### What you need to do
Using the data beneath, show every line that includes the word "Constant".

### Input for this task
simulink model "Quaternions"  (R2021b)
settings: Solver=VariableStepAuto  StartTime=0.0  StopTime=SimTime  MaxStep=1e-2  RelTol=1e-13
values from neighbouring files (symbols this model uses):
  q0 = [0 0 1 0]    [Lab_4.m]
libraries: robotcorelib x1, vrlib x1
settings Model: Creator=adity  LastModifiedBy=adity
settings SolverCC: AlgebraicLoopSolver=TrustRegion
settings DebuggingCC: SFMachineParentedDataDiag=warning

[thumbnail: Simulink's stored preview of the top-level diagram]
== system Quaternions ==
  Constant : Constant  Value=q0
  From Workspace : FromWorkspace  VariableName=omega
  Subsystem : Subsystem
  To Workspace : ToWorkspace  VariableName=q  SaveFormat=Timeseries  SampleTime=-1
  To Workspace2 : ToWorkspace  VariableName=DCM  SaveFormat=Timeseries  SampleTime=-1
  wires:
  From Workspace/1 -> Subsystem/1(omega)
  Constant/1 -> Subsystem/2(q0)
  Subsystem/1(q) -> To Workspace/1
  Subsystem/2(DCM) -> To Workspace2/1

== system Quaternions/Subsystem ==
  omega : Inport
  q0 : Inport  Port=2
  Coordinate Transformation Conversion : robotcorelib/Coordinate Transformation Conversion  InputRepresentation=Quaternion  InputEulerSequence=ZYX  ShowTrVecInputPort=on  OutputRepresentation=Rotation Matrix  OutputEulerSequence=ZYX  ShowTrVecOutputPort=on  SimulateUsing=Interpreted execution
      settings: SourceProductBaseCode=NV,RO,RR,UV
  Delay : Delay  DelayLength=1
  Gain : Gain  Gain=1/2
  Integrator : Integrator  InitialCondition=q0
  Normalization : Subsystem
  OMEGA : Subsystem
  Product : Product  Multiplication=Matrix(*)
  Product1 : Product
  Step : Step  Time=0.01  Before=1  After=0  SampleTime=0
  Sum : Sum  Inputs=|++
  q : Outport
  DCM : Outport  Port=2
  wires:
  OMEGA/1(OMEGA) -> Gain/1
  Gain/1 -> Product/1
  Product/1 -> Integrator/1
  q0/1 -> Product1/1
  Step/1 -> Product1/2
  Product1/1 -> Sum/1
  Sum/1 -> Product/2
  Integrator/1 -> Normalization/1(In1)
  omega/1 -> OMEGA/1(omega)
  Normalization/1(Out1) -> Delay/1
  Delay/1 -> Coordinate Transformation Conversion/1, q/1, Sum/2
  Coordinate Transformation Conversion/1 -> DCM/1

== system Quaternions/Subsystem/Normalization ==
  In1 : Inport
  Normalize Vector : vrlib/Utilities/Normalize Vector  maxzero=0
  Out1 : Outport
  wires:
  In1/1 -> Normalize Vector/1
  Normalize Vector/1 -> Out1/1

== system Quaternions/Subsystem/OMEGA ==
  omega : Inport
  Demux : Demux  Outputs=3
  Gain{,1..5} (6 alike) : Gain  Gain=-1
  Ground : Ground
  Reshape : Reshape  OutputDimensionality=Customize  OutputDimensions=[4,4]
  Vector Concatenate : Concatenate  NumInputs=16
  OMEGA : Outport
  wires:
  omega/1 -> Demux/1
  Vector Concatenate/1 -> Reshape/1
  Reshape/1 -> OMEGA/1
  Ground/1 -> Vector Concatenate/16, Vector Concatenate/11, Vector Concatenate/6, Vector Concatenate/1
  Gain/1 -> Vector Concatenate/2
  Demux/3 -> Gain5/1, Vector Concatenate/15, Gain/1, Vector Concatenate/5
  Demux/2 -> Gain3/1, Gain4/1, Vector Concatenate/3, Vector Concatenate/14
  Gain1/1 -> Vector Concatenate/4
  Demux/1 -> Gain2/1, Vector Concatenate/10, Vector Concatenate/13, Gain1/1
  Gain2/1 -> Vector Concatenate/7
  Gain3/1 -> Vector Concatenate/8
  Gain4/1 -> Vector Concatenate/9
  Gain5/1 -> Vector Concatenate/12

### Answer to the problem
  Constant : Constant  Value=q0
  Constant/1 -> Subsystem/2(q0)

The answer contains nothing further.